Leaves from the Mental Portfolio of a Eurasian Metaphors and Similes

Leaves from the Mental Portfolio of a Eurasian Metaphors and Similes

Prejudice in the Open

The first time that the narrator ever sees a Chinese person other than her mother and notices how distinctly different in appearance they seem, she asks her brother if that is what they are like as well. A young boy who has been following them jumps in to provider the answer:

“Chinky, Chinky, Chinaman, yellow-face, pig-tail, rat-eater.”

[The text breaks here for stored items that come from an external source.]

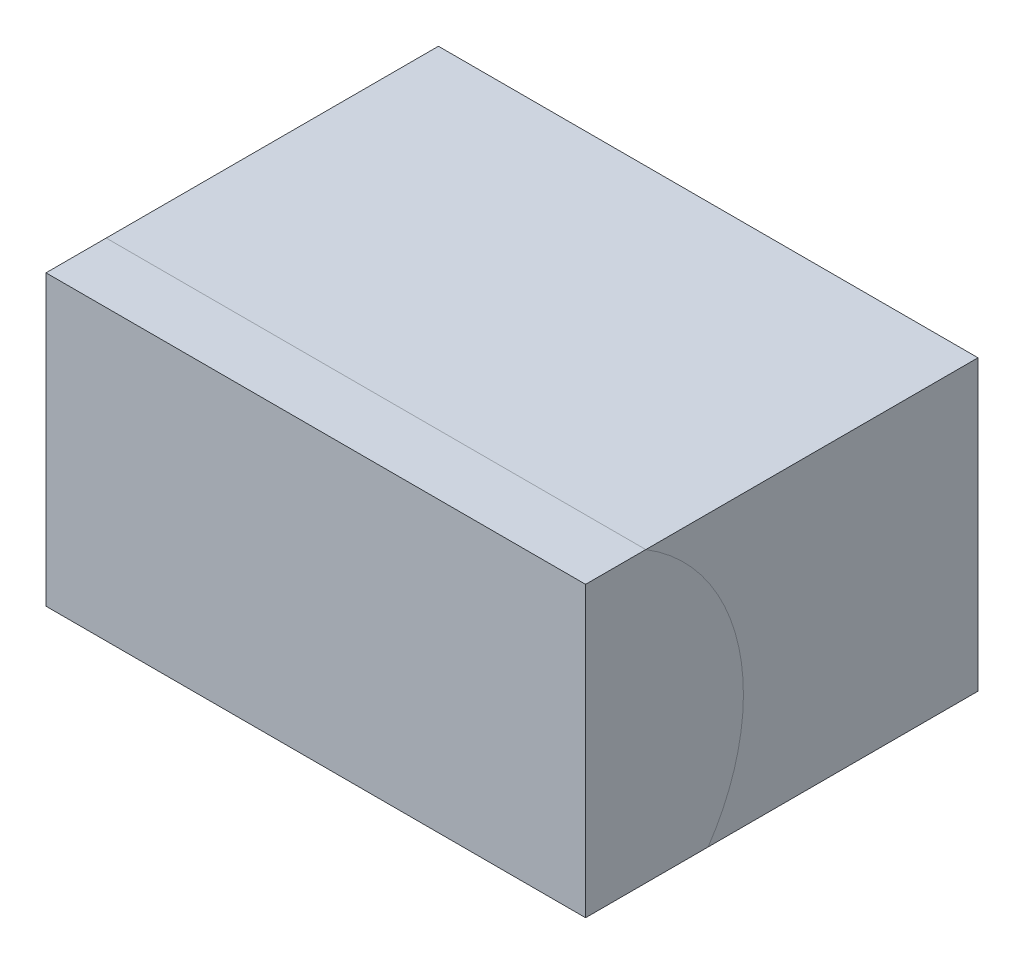
ISO-10303-21;
HEADER;
FILE_DESCRIPTION(('STEP AP214'),'2;1');
FILE_NAME('part.step','',(''),(''),'','','');
FILE_SCHEMA(('AUTOMOTIVE_DESIGN { 1 0 10303 214 1 1 1 1 }'));
ENDSEC;
DATA;
#1=APPLICATION_CONTEXT('core data for automotive mechanical design processes');
#2=APPLICATION_PROTOCOL_DEFINITION('international standard','automotive_design',2000,#1);
#3=PRODUCT_CONTEXT('',#1,'mechanical');
#4=PRODUCT('Part','Part','',(#3));
#5=PRODUCT_RELATED_PRODUCT_CATEGORY('part','',(#4));
#6=PRODUCT_DEFINITION_FORMATION('','',#4);
#7=PRODUCT_DEFINITION_CONTEXT('part definition',#1,'design');
#8=PRODUCT_DEFINITION('design','',#6,#7);
#9=PRODUCT_DEFINITION_SHAPE('','',#8);
#10=(LENGTH_UNIT() NAMED_UNIT(*) SI_UNIT(.MILLI.,.METRE.));
#11=(NAMED_UNIT(*) PLANE_ANGLE_UNIT() SI_UNIT($,.RADIAN.));
#12=(NAMED_UNIT(*) SI_UNIT($,.STERADIAN.) SOLID_ANGLE_UNIT());
#13=UNCERTAINTY_MEASURE_WITH_UNIT(LENGTH_MEASURE(1.E-05),#10,'distance_accuracy_value','');
#14=(GEOMETRIC_REPRESENTATION_CONTEXT(3) GLOBAL_UNCERTAINTY_ASSIGNED_CONTEXT((#13)) GLOBAL_UNIT_ASSIGNED_CONTEXT((#10,
#11,#12)) REPRESENTATION_CONTEXT('',''));
#15=CARTESIAN_POINT('',(0.,0.,0.));
#16=DIRECTION('',(0.,0.,1.));
#17=DIRECTION('',(1.,0.,0.));
#18=AXIS2_PLACEMENT_3D('',#15,#16,#17);
#19=CARTESIAN_POINT('',(-93.4295995241872,-10.287662998454,83.949911321681));
#20=DIRECTION('',(1.,0.,0.));
#21=DIRECTION('',(0.,0.,-1.));
#22=AXIS2_PLACEMENT_3D('',#19,#20,#21);
#23=CYLINDRICAL_SURFACE('',#22,70.6589672597011);
#24=CARTESIAN_POINT('',(93.4295995241872,-10.287662998454,83.949911321681));
#25=DIRECTION('',(-1.,0.,0.));
#26=DIRECTION('',(0.,0.,1.));
#27=AXIS2_PLACEMENT_3D('',#24,#25,#26);
#28=CIRCLE('',#27,70.6589672597011);
#29=CARTESIAN_POINT('',(93.4295995241872,-50.,25.5066059387446));
#30=VERTEX_POINT('',#29);
#31=CARTESIAN_POINT('',(93.4295995241872,50.,47.097674694953));
#32=VERTEX_POINT('',#31);
#33=EDGE_CURVE('E98',#30,#32,#28,.F.);
#34=ORIENTED_EDGE('',*,*,#33,.T.);
#35=DIRECTION('',(1.,0.,0.));
#36=VECTOR('',#35,1.);
#37=CARTESIAN_POINT('',(-93.4295995241872,50.,47.097674694953));
#38=LINE('',#37,#36);
#39=CARTESIAN_POINT('',(-93.4295995241872,50.,47.097674694953));
#40=VERTEX_POINT('',#39);
#41=EDGE_CURVE('E82',#40,#32,#38,.T.);
#42=ORIENTED_EDGE('',*,*,#41,.F.);
#43=CARTESIAN_POINT('',(-93.4295995241872,-10.287662998454,83.949911321681));
#44=DIRECTION('',(1.,0.,0.));
#45=DIRECTION('',(0.,0.,-1.));
#46=AXIS2_PLACEMENT_3D('',#43,#44,#45);
#47=CIRCLE('',#46,70.6589672597011);
#48=CARTESIAN_POINT('',(-93.4295995241872,-50.,25.5066059387446));
#49=VERTEX_POINT('',#48);
#50=EDGE_CURVE('E102',#40,#49,#47,.F.);
#51=ORIENTED_EDGE('',*,*,#50,.T.);
#52=DIRECTION('',(1.,0.,0.));
#53=VECTOR('',#52,1.);
#54=CARTESIAN_POINT('',(-93.4295995241872,-50.,25.5066059387446));
#55=LINE('',#54,#53);
#56=EDGE_CURVE('E95',#49,#30,#55,.T.);
#57=ORIENTED_EDGE('',*,*,#56,.T.);
#58=EDGE_LOOP('',(#34,#42,#51,#57));
#59=FACE_BOUND('',#58,.T.);
#60=ADVANCED_FACE('F50',(#59),#23,.F.);
#61=CARTESIAN_POINT('',(0.,50.,0.));
#62=DIRECTION('',(0.,1.,0.));
#63=DIRECTION('',(0.,0.,1.));
#64=AXIS2_PLACEMENT_3D('',#61,#62,#63);
#65=PLANE('',#64);
#66=DIRECTION('',(0.,0.,1.));
#67=VECTOR('',#66,1.);
#68=CARTESIAN_POINT('',(-93.4295995241872,50.,-67.9487996539543));
#69=LINE('',#68,#67);
#70=CARTESIAN_POINT('',(-93.4295995241872,50.,-67.9487996539543));
#71=VERTEX_POINT('',#70);
#72=EDGE_CURVE('E109',#71,#40,#69,.T.);
#73=ORIENTED_EDGE('',*,*,#72,.T.);
#74=ORIENTED_EDGE('',*,*,#41,.T.);
#75=DIRECTION('',(0.,0.,-1.));
#76=VECTOR('',#75,1.);
#77=CARTESIAN_POINT('',(93.4295995241872,50.,-67.9487996539543));
#78=LINE('',#77,#76);
#79=CARTESIAN_POINT('',(93.4295995241872,50.,-67.9487996539543));
#80=VERTEX_POINT('',#79);
#81=EDGE_CURVE('E100',#32,#80,#78,.T.);
#82=ORIENTED_EDGE('',*,*,#81,.T.);
#83=DIRECTION('',(-1.,0.,0.));
#84=VECTOR('',#83,1.);
#85=CARTESIAN_POINT('',(-93.4295995241872,50.,-67.9487996539543));
#86=LINE('',#85,#84);
#87=EDGE_CURVE('E77',#80,#71,#86,.T.);
#88=ORIENTED_EDGE('',*,*,#87,.T.);
#89=EDGE_LOOP('',(#73,#74,#82,#88));
#90=FACE_BOUND('',#89,.T.);
#91=ADVANCED_FACE('F52',(#90),#65,.T.);
#92=CARTESIAN_POINT('',(0.,-50.,0.));
#93=DIRECTION('',(0.,1.,0.));
#94=DIRECTION('',(0.,0.,1.));
#95=AXIS2_PLACEMENT_3D('',#92,#93,#94);
#96=PLANE('',#95);
#97=ORIENTED_EDGE('',*,*,#56,.F.);
#98=DIRECTION('',(0.,0.,1.));
#99=VECTOR('',#98,1.);
#100=CARTESIAN_POINT('',(-93.4295995241872,-50.,-67.9487996539543));
#101=LINE('',#100,#99);
#102=CARTESIAN_POINT('',(-93.4295995241872,-50.,-67.9487996539543));
#103=VERTEX_POINT('',#102);
#104=EDGE_CURVE('E112',#103,#49,#101,.T.);
#105=ORIENTED_EDGE('',*,*,#104,.F.);
#106=DIRECTION('',(-1.,0.,0.));
#107=VECTOR('',#106,1.);
#108=CARTESIAN_POINT('',(-93.4295995241872,-50.,-67.9487996539543));
#109=LINE('',#108,#107);
#110=CARTESIAN_POINT('',(93.4295995241872,-50.,-67.9487996539543));
#111=VERTEX_POINT('',#110);
#112=EDGE_CURVE('E59',#111,#103,#109,.T.);
#113=ORIENTED_EDGE('',*,*,#112,.F.);
#114=DIRECTION('',(0.,0.,-1.));
#115=VECTOR('',#114,1.);
#116=CARTESIAN_POINT('',(93.4295995241872,-50.,-67.9487996539543));
#117=LINE('',#116,#115);
#118=EDGE_CURVE('E12',#30,#111,#117,.T.);
#119=ORIENTED_EDGE('',*,*,#118,.F.);
#120=EDGE_LOOP('',(#97,#105,#113,#119));
#121=FACE_BOUND('',#120,.T.);
#122=ADVANCED_FACE('F92',(#121),#96,.F.);
#123=CARTESIAN_POINT('',(93.4295995241872,50.,-67.9487996539543));
#124=DIRECTION('',(-1.,0.,0.));
#125=DIRECTION('',(0.,0.,1.));
#126=AXIS2_PLACEMENT_3D('',#123,#124,#125);
#127=PLANE('',#126);
#128=ORIENTED_EDGE('',*,*,#33,.F.);
#129=ORIENTED_EDGE('',*,*,#118,.T.);
#130=DIRECTION('',(0.,-1.,0.));
#131=VECTOR('',#130,1.);
#132=CARTESIAN_POINT('',(93.4295995241872,50.,-67.9487996539543));
#133=LINE('',#132,#131);
#134=EDGE_CURVE('E122',#80,#111,#133,.T.);
#135=ORIENTED_EDGE('',*,*,#134,.F.);
#136=ORIENTED_EDGE('',*,*,#81,.F.);
#137=EDGE_LOOP('',(#128,#129,#135,#136));
#138=FACE_BOUND('',#137,.T.);
#139=ADVANCED_FACE('F99',(#138),#127,.F.);
#140=CARTESIAN_POINT('',(-93.4295995241872,50.,-67.9487996539543));
#141=DIRECTION('',(0.,0.,1.));
#142=DIRECTION('',(1.,0.,0.));
#143=AXIS2_PLACEMENT_3D('',#140,#141,#142);
#144=PLANE('',#143);
#145=ORIENTED_EDGE('',*,*,#112,.T.);
#146=DIRECTION('',(0.,-1.,0.));
#147=VECTOR('',#146,1.);
#148=CARTESIAN_POINT('',(-93.4295995241872,50.,-67.9487996539543));
#149=LINE('',#148,#147);
#150=EDGE_CURVE('E111',#71,#103,#149,.T.);
#151=ORIENTED_EDGE('',*,*,#150,.F.);
#152=ORIENTED_EDGE('',*,*,#87,.F.);
#153=ORIENTED_EDGE('',*,*,#134,.T.);
#154=EDGE_LOOP('',(#145,#151,#152,#153));
#155=FACE_BOUND('',#154,.T.);
#156=ADVANCED_FACE('F127',(#155),#144,.F.);
#157=CARTESIAN_POINT('',(-93.4295995241872,50.,-67.9487996539543));
#158=DIRECTION('',(1.,0.,0.));
#159=DIRECTION('',(0.,0.,-1.));
#160=AXIS2_PLACEMENT_3D('',#157,#158,#159);
#161=PLANE('',#160);
#162=ORIENTED_EDGE('',*,*,#50,.F.);
#163=ORIENTED_EDGE('',*,*,#72,.F.);
#164=ORIENTED_EDGE('',*,*,#150,.T.);
#165=ORIENTED_EDGE('',*,*,#104,.T.);
#166=EDGE_LOOP('',(#162,#163,#164,#165));
#167=FACE_BOUND('',#166,.T.);
#168=ADVANCED_FACE('F126',(#167),#161,.F.);
#169=CLOSED_SHELL('',(#60,#91,#122,#139,#156,#168));
#170=MANIFOLD_SOLID_BREP('B2',#169);
#171=CARTESIAN_POINT('',(-93.4295995241872,-10.287662998454,83.949911321681));
#172=DIRECTION('',(1.,0.,0.));
#173=DIRECTION('',(0.,0.,-1.));
#174=AXIS2_PLACEMENT_3D('',#171,#172,#173);
#175=CYLINDRICAL_SURFACE('',#174,70.6589672597011);
#176=CARTESIAN_POINT('',(93.4295995241872,-10.287662998454,83.949911321681));
#177=DIRECTION('',(-1.,0.,0.));
#178=DIRECTION('',(0.,0.,1.));
#179=AXIS2_PLACEMENT_3D('',#176,#177,#178);
#180=CIRCLE('',#179,70.6589672597011);
#181=CARTESIAN_POINT('',(93.4295995241872,-50.,25.5066059387446));
#182=VERTEX_POINT('',#181);
#183=CARTESIAN_POINT('',(93.4295995241872,50.,47.097674694953));
#184=VERTEX_POINT('',#183);
#185=EDGE_CURVE('E189',#182,#184,#180,.F.);
#186=ORIENTED_EDGE('',*,*,#185,.F.);
#187=DIRECTION('',(1.,0.,0.));
#188=VECTOR('',#187,1.);
#189=CARTESIAN_POINT('',(-93.4295995241872,-50.,25.5066059387446));
#190=LINE('',#189,#188);
#191=CARTESIAN_POINT('',(-93.4295995241872,-50.,25.5066059387446));
#192=VERTEX_POINT('',#191);
#193=EDGE_CURVE('E238',#192,#182,#190,.T.);
#194=ORIENTED_EDGE('',*,*,#193,.F.);
#195=CARTESIAN_POINT('',(-93.4295995241872,-10.287662998454,83.949911321681));
#196=DIRECTION('',(1.,0.,0.));
#197=DIRECTION('',(0.,0.,-1.));
#198=AXIS2_PLACEMENT_3D('',#195,#196,#197);
#199=CIRCLE('',#198,70.6589672597011);
#200=CARTESIAN_POINT('',(-93.4295995241872,50.,47.097674694953));
#201=VERTEX_POINT('',#200);
#202=EDGE_CURVE('E255',#201,#192,#199,.F.);
#203=ORIENTED_EDGE('',*,*,#202,.F.);
#204=DIRECTION('',(1.,0.,0.));
#205=VECTOR('',#204,1.);
#206=CARTESIAN_POINT('',(-93.4295995241872,50.,47.097674694953));
#207=LINE('',#206,#205);
#208=EDGE_CURVE('E48',#201,#184,#207,.T.);
#209=ORIENTED_EDGE('',*,*,#208,.T.);
#210=EDGE_LOOP('',(#186,#194,#203,#209));
#211=FACE_BOUND('',#210,.T.);
#212=ADVANCED_FACE('F186',(#211),#175,.T.);
#213=CARTESIAN_POINT('',(-93.4295995241872,50.,67.9487996539543));
#214=DIRECTION('',(0.,0.,-1.));
#215=DIRECTION('',(-1.,0.,0.));
#216=AXIS2_PLACEMENT_3D('',#213,#214,#215);
#217=PLANE('',#216);
#218=DIRECTION('',(1.,0.,0.));
#219=VECTOR('',#218,1.);
#220=CARTESIAN_POINT('',(-93.4295995241872,-50.,67.9487996539543));
#221=LINE('',#220,#219);
#222=CARTESIAN_POINT('',(-93.4295995241872,-50.,67.9487996539543));
#223=VERTEX_POINT('',#222);
#224=CARTESIAN_POINT('',(93.4295995241872,-50.,67.9487996539543));
#225=VERTEX_POINT('',#224);
#226=EDGE_CURVE('E252',#223,#225,#221,.T.);
#227=ORIENTED_EDGE('',*,*,#226,.T.);
#228=DIRECTION('',(0.,-1.,0.));
#229=VECTOR('',#228,1.);
#230=CARTESIAN_POINT('',(93.4295995241872,50.,67.9487996539543));
#231=LINE('',#230,#229);
#232=CARTESIAN_POINT('',(93.4295995241872,50.,67.9487996539543));
#233=VERTEX_POINT('',#232);
#234=EDGE_CURVE('E239',#233,#225,#231,.T.);
#235=ORIENTED_EDGE('',*,*,#234,.F.);
#236=DIRECTION('',(1.,0.,0.));
#237=VECTOR('',#236,1.);
#238=CARTESIAN_POINT('',(-93.4295995241872,50.,67.9487996539543));
#239=LINE('',#238,#237);
#240=CARTESIAN_POINT('',(-93.4295995241872,50.,67.9487996539543));
#241=VERTEX_POINT('',#240);
#242=EDGE_CURVE('E226',#241,#233,#239,.T.);
#243=ORIENTED_EDGE('',*,*,#242,.F.);
#244=DIRECTION('',(0.,-1.,0.));
#245=VECTOR('',#244,1.);
#246=CARTESIAN_POINT('',(-93.4295995241872,50.,67.9487996539543));
#247=LINE('',#246,#245);
#248=EDGE_CURVE('E232',#241,#223,#247,.T.);
#249=ORIENTED_EDGE('',*,*,#248,.T.);
#250=EDGE_LOOP('',(#227,#235,#243,#249));
#251=FACE_BOUND('',#250,.T.);
#252=ADVANCED_FACE('F241',(#251),#217,.F.);
#253=CARTESIAN_POINT('',(93.4295995241872,50.,-67.9487996539543));
#254=DIRECTION('',(-1.,0.,0.));
#255=DIRECTION('',(0.,0.,1.));
#256=AXIS2_PLACEMENT_3D('',#253,#254,#255);
#257=PLANE('',#256);
#258=DIRECTION('',(0.,0.,-1.));
#259=VECTOR('',#258,1.);
#260=CARTESIAN_POINT('',(93.4295995241872,-50.,-67.9487996539543));
#261=LINE('',#260,#259);
#262=EDGE_CURVE('E248',#225,#182,#261,.T.);
#263=ORIENTED_EDGE('',*,*,#262,.T.);
#264=ORIENTED_EDGE('',*,*,#185,.T.);
#265=DIRECTION('',(0.,0.,-1.));
#266=VECTOR('',#265,1.);
#267=CARTESIAN_POINT('',(93.4295995241872,50.,-67.9487996539543));
#268=LINE('',#267,#266);
#269=EDGE_CURVE('E229',#233,#184,#268,.T.);
#270=ORIENTED_EDGE('',*,*,#269,.F.);
#271=ORIENTED_EDGE('',*,*,#234,.T.);
#272=EDGE_LOOP('',(#263,#264,#270,#271));
#273=FACE_BOUND('',#272,.T.);
#274=ADVANCED_FACE('F264',(#273),#257,.F.);
#275=CARTESIAN_POINT('',(-93.4295995241872,50.,-67.9487996539543));
#276=DIRECTION('',(1.,0.,0.));
#277=DIRECTION('',(0.,0.,-1.));
#278=AXIS2_PLACEMENT_3D('',#275,#276,#277);
#279=PLANE('',#278);
#280=DIRECTION('',(0.,0.,1.));
#281=VECTOR('',#280,1.);
#282=CARTESIAN_POINT('',(-93.4295995241872,50.,-67.9487996539543));
#283=LINE('',#282,#281);
#284=EDGE_CURVE('E222',#201,#241,#283,.T.);
#285=ORIENTED_EDGE('',*,*,#284,.F.);
#286=ORIENTED_EDGE('',*,*,#202,.T.);
#287=DIRECTION('',(0.,0.,1.));
#288=VECTOR('',#287,1.);
#289=CARTESIAN_POINT('',(-93.4295995241872,-50.,-67.9487996539543));
#290=LINE('',#289,#288);
#291=EDGE_CURVE('E235',#192,#223,#290,.T.);
#292=ORIENTED_EDGE('',*,*,#291,.T.);
#293=ORIENTED_EDGE('',*,*,#248,.F.);
#294=EDGE_LOOP('',(#285,#286,#292,#293));
#295=FACE_BOUND('',#294,.T.);
#296=ADVANCED_FACE('F233',(#295),#279,.F.);
#297=CARTESIAN_POINT('',(0.,-50.,0.));
#298=DIRECTION('',(0.,1.,0.));
#299=DIRECTION('',(0.,0.,1.));
#300=AXIS2_PLACEMENT_3D('',#297,#298,#299);
#301=PLANE('',#300);
#302=ORIENTED_EDGE('',*,*,#291,.F.);
#303=ORIENTED_EDGE('',*,*,#193,.T.);
#304=ORIENTED_EDGE('',*,*,#262,.F.);
#305=ORIENTED_EDGE('',*,*,#226,.F.);
#306=EDGE_LOOP('',(#302,#303,#304,#305));
#307=FACE_BOUND('',#306,.T.);
#308=ADVANCED_FACE('F267',(#307),#301,.F.);
#309=CARTESIAN_POINT('',(0.,50.,0.));
#310=DIRECTION('',(0.,1.,0.));
#311=DIRECTION('',(0.,0.,1.));
#312=AXIS2_PLACEMENT_3D('',#309,#310,#311);
#313=PLANE('',#312);
#314=ORIENTED_EDGE('',*,*,#208,.F.);
#315=ORIENTED_EDGE('',*,*,#284,.T.);
#316=ORIENTED_EDGE('',*,*,#242,.T.);
#317=ORIENTED_EDGE('',*,*,#269,.T.);
#318=EDGE_LOOP('',(#314,#315,#316,#317));
#319=FACE_BOUND('',#318,.T.);
#320=ADVANCED_FACE('F224',(#319),#313,.T.);
#321=CLOSED_SHELL('',(#212,#252,#274,#296,#308,#320));
#322=MANIFOLD_SOLID_BREP('B6',#321);
#323=CARTESIAN_POINT('',(-93.4295995241872,-10.287662998454,83.949911321681));
#324=DIRECTION('',(1.,0.,0.));
#325=DIRECTION('',(0.,0.,-1.));
#326=AXIS2_PLACEMENT_3D('',#323,#324,#325);
#327=CYLINDRICAL_SURFACE('',#326,70.6589672597011);
#328=CARTESIAN_POINT('',(93.4295995241872,-10.287662998454,83.949911321681));
#329=DIRECTION('',(-1.,0.,0.));
#330=DIRECTION('',(0.,0.,1.));
#331=AXIS2_PLACEMENT_3D('',#328,#329,#330);
#332=CIRCLE('',#331,70.6589672597011);
#333=CARTESIAN_POINT('',(93.4295995241872,50.0000000000001,47.0976746949531));
#334=VERTEX_POINT('',#333);
#335=CARTESIAN_POINT('',(93.4295995241872,-49.9999999999999,25.5066059387446));
#336=VERTEX_POINT('',#335);
#337=EDGE_CURVE('E338',#334,#336,#332,.T.);
#338=ORIENTED_EDGE('',*,*,#337,.F.);
#339=DIRECTION('',(1.,0.,0.));
#340=VECTOR('',#339,1.);
#341=CARTESIAN_POINT('',(-93.4295995241872,50.0000000000001,47.0976746949531));
#342=LINE('',#341,#340);
#343=CARTESIAN_POINT('',(-93.4295995241872,50.0000000000001,47.0976746949531));
#344=VERTEX_POINT('',#343);
#345=EDGE_CURVE('E320',#344,#334,#342,.T.);
#346=ORIENTED_EDGE('',*,*,#345,.F.);
#347=CARTESIAN_POINT('',(-93.4295995241872,-10.287662998454,83.949911321681));
#348=DIRECTION('',(-1.,0.,0.));
#349=DIRECTION('',(0.,0.,1.));
#350=AXIS2_PLACEMENT_3D('',#347,#348,#349);
#351=CIRCLE('',#350,70.6589672597011);
#352=CARTESIAN_POINT('',(-93.4295995241872,-49.9999999999999,25.5066059387446));
#353=VERTEX_POINT('',#352);
#354=EDGE_CURVE('E326',#344,#353,#351,.T.);
#355=ORIENTED_EDGE('',*,*,#354,.T.);
#356=DIRECTION('',(1.,0.,0.));
#357=VECTOR('',#356,1.);
#358=CARTESIAN_POINT('',(-93.4295995241872,-49.9999999999999,25.5066059387446));
#359=LINE('',#358,#357);
#360=EDGE_CURVE('E184',#353,#336,#359,.T.);
#361=ORIENTED_EDGE('',*,*,#360,.T.);
#362=EDGE_LOOP('',(#338,#346,#355,#361));
#363=FACE_BOUND('',#362,.T.);
#364=ADVANCED_FACE('F319',(#363),#327,.F.);
#365=OPEN_SHELL('',(#364));
#366=SHELL_BASED_SURFACE_MODEL('B42',(#365));
#367=ADVANCED_BREP_SHAPE_REPRESENTATION('',(#18,#170,#322),#14);
#368=MANIFOLD_SURFACE_SHAPE_REPRESENTATION('',(#18,#366),#14);
#369=SHAPE_REPRESENTATION('',(#18),#14);
#370=SHAPE_DEFINITION_REPRESENTATION(#9,#369);
#371=SHAPE_REPRESENTATION_RELATIONSHIP('','',#369,#367);
#372=SHAPE_REPRESENTATION_RELATIONSHIP('','',#369,#368);
ENDSEC;
END-ISO-10303-21;

It is just another layer of brick in the wall of ignorance and racism that the young girl has already been exposed to among the British.

A Job Well Done

In addition to an education courtesy of random children of the damned, growing up among the British has been a continual education for the young girl. Fortunately, being raised amongst her paternal culture has saved her from the damage which might have done under the opposite conditions:

“I am only six years of age, but have attended a private school for over a year, and have already learned that China is a heathen country, being civilized by England.”

Civilized Parenting

As mentioned, the narrator’s mother is Chinese and her father is England. Her father, raised to face the world with a "civilized nature," deals with the responsibilities of parenthood in likewise manner:

“peace is his motto, and he deems it wisest to be blind and deaf to many things.”

The Midwestern Christian

The British, turns out, do not hold the deed on the monopoly over racist ignorance toward the Chinese. Much later, the narrator gains employment as a stenographer and gets an up close view of Chinese racism Midwest-style:

“I cannot reconcile myself to the thought that the Chinese are humans like ourselves. They may have immortal souls, but their faces seem to be so utterly devoid of expression that I cannot help but doubt.”

For the Bible Tells Us So

Some time after actually receiving a noble and heartfelt apology from the man from the Midwest (proving to her that he actually did possess a good Christian heart) when she finally confesses to being Chinese, the narrator winds up in a tropical paradise, populated by peoples of all colors. Those colors, however, determine who is enjoying the paradise and who is employed in the paradise. She is moved to ponder the Biblical origin of much of the world’s pervasive racism:

“The environment is peculiar, for I am also surrounded by a race of people, the reputed descendants of Ham, the son of Noah, whose offspring, it was prophesied, should be the servants of the songs of Shem and Japheth.”